• Brief
Within the data below, find the string "grid" and return each line where it occurs.

• Material for this exercise
################

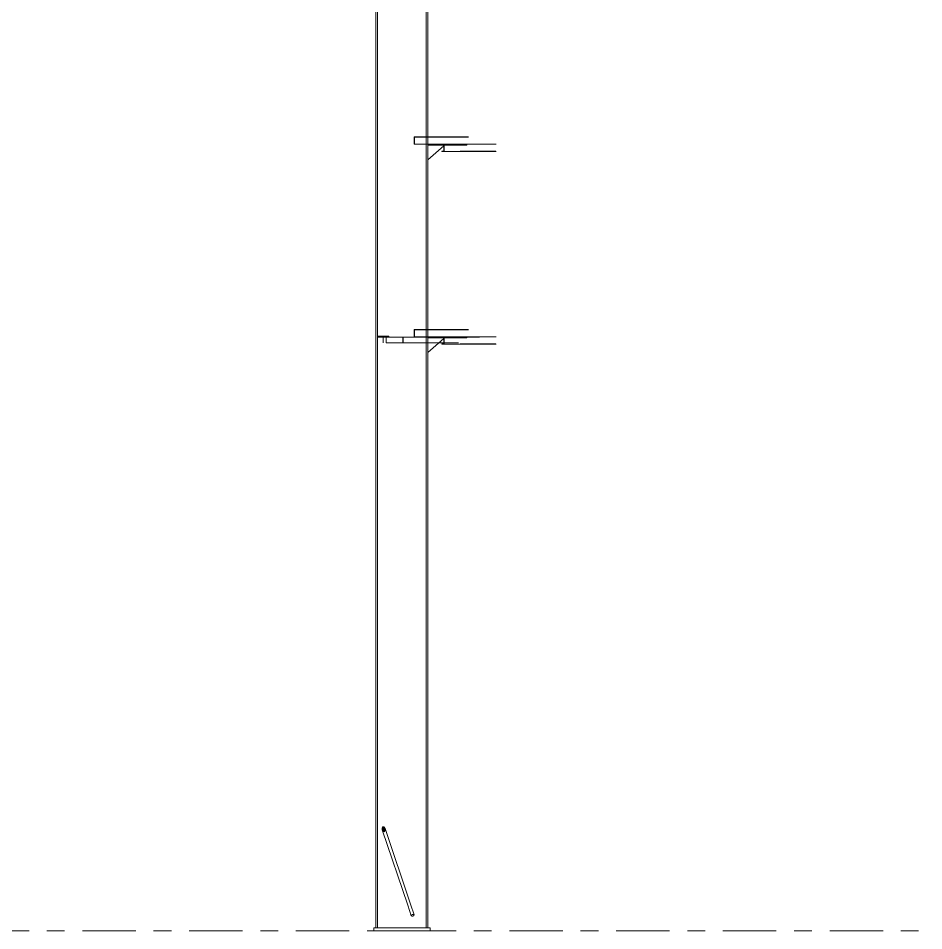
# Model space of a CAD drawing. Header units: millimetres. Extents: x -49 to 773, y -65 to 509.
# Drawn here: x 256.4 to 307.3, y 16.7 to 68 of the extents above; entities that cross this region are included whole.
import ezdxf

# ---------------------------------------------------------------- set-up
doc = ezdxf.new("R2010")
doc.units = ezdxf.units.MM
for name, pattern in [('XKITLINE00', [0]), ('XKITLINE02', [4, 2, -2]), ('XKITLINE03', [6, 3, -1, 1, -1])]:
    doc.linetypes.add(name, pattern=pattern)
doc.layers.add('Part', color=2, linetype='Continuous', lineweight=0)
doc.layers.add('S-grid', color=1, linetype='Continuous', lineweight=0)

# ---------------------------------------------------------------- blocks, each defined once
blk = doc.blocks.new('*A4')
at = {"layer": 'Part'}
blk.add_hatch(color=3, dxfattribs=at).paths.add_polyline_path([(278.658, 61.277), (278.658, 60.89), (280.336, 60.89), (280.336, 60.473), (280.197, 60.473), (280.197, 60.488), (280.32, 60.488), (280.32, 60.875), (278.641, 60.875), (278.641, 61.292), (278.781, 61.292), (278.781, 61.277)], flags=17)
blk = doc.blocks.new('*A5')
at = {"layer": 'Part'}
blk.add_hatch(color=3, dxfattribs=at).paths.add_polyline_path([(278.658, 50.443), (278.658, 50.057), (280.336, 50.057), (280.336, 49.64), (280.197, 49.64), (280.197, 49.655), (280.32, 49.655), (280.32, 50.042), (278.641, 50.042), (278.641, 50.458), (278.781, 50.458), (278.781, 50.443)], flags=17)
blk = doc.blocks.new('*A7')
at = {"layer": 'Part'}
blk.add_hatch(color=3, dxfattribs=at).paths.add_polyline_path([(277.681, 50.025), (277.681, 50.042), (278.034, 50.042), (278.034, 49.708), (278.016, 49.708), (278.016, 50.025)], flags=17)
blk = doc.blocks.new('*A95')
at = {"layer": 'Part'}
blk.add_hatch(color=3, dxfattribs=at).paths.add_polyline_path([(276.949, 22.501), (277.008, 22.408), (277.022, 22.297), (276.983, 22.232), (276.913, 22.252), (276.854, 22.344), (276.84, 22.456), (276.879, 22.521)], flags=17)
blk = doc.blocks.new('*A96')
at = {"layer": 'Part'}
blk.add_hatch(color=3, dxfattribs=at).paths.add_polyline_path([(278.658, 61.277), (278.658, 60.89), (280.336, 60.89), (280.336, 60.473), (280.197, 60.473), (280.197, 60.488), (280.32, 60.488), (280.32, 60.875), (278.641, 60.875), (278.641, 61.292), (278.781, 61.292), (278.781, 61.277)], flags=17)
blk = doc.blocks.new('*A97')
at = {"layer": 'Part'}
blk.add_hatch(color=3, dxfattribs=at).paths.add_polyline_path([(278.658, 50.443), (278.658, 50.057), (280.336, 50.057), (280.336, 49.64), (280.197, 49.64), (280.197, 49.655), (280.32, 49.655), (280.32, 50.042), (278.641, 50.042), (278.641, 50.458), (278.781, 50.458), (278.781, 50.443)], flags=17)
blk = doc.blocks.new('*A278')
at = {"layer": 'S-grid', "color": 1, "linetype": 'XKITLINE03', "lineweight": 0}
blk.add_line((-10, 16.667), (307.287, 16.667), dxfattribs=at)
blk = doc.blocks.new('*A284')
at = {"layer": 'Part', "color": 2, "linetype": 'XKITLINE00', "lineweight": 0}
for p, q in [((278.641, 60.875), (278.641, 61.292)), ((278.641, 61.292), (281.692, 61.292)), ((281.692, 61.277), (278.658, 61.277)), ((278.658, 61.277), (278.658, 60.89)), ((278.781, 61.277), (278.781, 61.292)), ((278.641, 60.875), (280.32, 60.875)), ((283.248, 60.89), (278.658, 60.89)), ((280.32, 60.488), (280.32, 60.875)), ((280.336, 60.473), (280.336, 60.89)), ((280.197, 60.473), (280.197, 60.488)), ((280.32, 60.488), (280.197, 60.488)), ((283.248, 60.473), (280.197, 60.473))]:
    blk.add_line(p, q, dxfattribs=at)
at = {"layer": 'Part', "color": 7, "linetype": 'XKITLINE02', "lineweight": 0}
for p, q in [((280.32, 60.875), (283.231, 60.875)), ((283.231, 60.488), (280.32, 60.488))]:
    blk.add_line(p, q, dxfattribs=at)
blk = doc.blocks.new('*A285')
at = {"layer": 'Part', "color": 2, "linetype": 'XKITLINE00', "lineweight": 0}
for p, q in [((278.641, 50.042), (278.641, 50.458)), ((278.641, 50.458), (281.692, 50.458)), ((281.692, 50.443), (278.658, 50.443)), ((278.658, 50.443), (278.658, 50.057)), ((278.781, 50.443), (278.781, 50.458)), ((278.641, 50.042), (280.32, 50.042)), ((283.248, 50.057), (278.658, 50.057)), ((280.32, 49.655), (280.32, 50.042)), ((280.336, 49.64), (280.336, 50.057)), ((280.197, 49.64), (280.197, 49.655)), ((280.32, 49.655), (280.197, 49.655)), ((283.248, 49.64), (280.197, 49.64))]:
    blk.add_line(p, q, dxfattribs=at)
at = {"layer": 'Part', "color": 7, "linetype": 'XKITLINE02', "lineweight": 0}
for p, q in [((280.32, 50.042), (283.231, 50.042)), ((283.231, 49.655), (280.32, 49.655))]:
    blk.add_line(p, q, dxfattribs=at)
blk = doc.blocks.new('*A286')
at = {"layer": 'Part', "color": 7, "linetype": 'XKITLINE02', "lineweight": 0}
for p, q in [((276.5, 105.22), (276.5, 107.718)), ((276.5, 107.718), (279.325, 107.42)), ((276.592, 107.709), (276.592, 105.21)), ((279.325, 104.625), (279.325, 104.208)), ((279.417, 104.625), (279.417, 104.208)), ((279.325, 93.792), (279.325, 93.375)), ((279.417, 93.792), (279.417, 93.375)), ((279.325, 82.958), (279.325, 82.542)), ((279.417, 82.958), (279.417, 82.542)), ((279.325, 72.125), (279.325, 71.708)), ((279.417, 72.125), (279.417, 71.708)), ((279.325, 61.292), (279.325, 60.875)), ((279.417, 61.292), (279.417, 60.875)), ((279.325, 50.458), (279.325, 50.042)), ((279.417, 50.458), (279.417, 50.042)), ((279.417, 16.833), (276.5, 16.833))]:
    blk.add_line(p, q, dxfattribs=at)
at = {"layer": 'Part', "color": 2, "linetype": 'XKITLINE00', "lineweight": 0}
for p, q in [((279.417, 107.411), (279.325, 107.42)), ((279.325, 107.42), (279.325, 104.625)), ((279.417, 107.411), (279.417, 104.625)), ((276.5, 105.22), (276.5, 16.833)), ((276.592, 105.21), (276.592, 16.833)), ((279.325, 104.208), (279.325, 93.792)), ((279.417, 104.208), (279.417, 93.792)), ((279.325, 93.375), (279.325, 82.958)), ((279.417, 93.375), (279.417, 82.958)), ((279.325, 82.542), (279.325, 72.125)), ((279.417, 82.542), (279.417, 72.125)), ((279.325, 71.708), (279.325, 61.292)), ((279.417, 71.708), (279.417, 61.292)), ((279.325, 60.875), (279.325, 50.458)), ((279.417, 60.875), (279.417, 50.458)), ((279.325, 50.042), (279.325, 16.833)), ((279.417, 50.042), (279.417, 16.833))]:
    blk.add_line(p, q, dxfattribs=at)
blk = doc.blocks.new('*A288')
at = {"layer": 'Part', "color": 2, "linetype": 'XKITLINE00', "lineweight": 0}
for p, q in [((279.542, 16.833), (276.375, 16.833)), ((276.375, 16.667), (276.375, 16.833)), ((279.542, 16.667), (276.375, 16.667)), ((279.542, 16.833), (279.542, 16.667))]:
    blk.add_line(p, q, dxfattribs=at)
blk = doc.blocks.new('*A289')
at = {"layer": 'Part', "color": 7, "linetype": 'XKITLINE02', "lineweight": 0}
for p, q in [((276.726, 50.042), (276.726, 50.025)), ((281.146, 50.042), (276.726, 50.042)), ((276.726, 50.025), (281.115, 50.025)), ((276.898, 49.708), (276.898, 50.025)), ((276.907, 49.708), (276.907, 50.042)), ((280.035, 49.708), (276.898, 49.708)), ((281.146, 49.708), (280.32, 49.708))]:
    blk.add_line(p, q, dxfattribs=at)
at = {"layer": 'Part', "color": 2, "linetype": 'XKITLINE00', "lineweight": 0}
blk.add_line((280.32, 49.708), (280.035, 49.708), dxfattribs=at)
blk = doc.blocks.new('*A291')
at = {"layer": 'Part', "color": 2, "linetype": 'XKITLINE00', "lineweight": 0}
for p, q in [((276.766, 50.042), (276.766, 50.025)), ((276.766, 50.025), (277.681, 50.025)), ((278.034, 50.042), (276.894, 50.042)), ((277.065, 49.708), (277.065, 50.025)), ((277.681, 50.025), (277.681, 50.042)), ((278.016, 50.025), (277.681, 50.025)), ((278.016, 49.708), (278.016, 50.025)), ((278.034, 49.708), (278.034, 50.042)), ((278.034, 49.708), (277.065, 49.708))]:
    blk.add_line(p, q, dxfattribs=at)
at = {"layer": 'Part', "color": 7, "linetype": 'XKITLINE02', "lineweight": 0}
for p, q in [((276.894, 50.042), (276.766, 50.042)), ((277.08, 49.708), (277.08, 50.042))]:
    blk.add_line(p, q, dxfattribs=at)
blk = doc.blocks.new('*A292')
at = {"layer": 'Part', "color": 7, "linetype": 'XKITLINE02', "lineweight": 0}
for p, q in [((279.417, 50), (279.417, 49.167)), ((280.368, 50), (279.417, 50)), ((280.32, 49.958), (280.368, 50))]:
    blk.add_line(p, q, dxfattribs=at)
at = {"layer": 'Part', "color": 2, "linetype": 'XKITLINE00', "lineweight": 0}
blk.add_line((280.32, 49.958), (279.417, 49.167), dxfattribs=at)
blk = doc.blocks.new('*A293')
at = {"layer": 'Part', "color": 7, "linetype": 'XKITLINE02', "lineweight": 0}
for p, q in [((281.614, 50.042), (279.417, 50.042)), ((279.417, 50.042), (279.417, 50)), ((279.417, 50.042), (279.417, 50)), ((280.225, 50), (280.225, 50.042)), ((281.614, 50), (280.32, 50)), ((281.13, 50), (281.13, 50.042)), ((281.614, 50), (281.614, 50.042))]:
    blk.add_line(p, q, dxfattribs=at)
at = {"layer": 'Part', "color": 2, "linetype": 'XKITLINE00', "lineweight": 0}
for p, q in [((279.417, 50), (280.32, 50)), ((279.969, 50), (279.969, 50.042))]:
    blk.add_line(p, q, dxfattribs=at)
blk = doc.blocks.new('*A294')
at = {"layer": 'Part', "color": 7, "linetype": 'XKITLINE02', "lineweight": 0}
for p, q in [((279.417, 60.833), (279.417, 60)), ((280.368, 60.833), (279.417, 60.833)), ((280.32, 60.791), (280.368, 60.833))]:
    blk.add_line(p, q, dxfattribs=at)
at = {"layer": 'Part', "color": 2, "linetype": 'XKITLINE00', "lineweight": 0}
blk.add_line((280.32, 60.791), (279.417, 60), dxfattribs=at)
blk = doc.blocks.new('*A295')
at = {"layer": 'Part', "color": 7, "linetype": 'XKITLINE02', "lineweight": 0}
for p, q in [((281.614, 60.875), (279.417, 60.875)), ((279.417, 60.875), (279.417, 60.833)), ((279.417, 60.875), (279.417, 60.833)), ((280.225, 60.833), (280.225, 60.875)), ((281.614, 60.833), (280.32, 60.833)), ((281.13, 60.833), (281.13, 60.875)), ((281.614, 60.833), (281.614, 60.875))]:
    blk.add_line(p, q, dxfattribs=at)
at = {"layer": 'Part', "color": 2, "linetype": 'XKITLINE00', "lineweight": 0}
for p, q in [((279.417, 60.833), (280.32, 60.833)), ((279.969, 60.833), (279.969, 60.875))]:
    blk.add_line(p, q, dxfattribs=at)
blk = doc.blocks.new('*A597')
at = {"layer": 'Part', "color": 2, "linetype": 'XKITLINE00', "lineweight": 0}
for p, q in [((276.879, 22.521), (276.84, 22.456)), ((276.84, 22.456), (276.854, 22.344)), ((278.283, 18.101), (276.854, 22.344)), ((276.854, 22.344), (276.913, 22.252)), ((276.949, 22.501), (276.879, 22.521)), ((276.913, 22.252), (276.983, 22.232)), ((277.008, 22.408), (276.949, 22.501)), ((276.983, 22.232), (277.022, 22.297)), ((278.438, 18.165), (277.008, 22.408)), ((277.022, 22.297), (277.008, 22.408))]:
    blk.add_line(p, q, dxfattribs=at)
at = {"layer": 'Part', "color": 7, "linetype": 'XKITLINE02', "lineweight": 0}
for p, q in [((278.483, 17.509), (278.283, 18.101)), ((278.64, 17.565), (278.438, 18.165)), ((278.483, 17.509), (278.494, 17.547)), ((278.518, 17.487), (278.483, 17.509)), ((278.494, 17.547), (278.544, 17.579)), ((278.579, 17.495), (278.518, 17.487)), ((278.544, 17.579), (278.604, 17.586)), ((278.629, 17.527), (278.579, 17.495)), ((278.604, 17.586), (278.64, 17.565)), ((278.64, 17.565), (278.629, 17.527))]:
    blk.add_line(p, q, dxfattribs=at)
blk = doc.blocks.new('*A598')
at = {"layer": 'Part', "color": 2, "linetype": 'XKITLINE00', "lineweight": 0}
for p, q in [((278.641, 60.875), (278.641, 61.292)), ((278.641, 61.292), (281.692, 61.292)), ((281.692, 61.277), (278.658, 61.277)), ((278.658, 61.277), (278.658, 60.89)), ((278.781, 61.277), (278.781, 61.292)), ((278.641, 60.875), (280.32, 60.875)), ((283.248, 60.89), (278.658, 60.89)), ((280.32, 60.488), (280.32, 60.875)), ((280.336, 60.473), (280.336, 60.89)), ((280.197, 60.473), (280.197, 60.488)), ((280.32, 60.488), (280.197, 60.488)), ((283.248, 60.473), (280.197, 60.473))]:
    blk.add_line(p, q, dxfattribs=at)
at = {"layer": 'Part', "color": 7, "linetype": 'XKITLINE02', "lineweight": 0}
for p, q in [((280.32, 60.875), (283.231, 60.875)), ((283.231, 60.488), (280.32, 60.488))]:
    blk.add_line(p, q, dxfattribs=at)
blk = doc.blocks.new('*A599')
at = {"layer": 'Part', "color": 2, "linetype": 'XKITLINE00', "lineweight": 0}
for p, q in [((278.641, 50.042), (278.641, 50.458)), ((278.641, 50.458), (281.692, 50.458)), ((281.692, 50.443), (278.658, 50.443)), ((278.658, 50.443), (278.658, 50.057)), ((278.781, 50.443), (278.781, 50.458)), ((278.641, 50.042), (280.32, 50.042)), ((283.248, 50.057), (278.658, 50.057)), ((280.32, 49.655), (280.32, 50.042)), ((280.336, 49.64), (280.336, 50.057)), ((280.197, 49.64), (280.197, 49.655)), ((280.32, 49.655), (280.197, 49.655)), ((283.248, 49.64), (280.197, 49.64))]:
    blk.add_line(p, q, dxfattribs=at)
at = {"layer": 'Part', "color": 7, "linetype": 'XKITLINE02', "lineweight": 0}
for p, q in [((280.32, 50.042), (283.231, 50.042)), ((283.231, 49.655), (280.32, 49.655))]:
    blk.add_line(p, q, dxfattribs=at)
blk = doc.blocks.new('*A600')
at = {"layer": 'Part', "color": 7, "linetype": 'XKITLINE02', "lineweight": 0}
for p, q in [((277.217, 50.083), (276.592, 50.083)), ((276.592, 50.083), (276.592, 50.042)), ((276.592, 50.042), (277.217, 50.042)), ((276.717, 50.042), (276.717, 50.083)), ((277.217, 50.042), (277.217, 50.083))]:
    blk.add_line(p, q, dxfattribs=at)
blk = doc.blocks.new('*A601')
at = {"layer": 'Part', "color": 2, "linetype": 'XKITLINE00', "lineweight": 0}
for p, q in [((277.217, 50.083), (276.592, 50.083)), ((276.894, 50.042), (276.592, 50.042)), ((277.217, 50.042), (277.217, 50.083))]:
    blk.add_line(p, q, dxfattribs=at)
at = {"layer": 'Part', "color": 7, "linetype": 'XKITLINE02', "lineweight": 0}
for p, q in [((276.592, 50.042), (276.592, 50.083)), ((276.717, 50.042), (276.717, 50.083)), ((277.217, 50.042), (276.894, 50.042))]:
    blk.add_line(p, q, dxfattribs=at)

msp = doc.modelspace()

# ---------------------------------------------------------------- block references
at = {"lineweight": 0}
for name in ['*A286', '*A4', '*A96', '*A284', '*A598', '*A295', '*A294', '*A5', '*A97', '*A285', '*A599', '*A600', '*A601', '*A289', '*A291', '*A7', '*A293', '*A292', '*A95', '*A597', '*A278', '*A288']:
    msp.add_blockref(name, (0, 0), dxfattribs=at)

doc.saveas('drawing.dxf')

################

• Result
doc.layers.add('S-grid', color=1, linetype='Continuous', lineweight=0)
at = {"layer": 'S-grid', "color": 1, "linetype": 'XKITLINE03', "lineweight": 0}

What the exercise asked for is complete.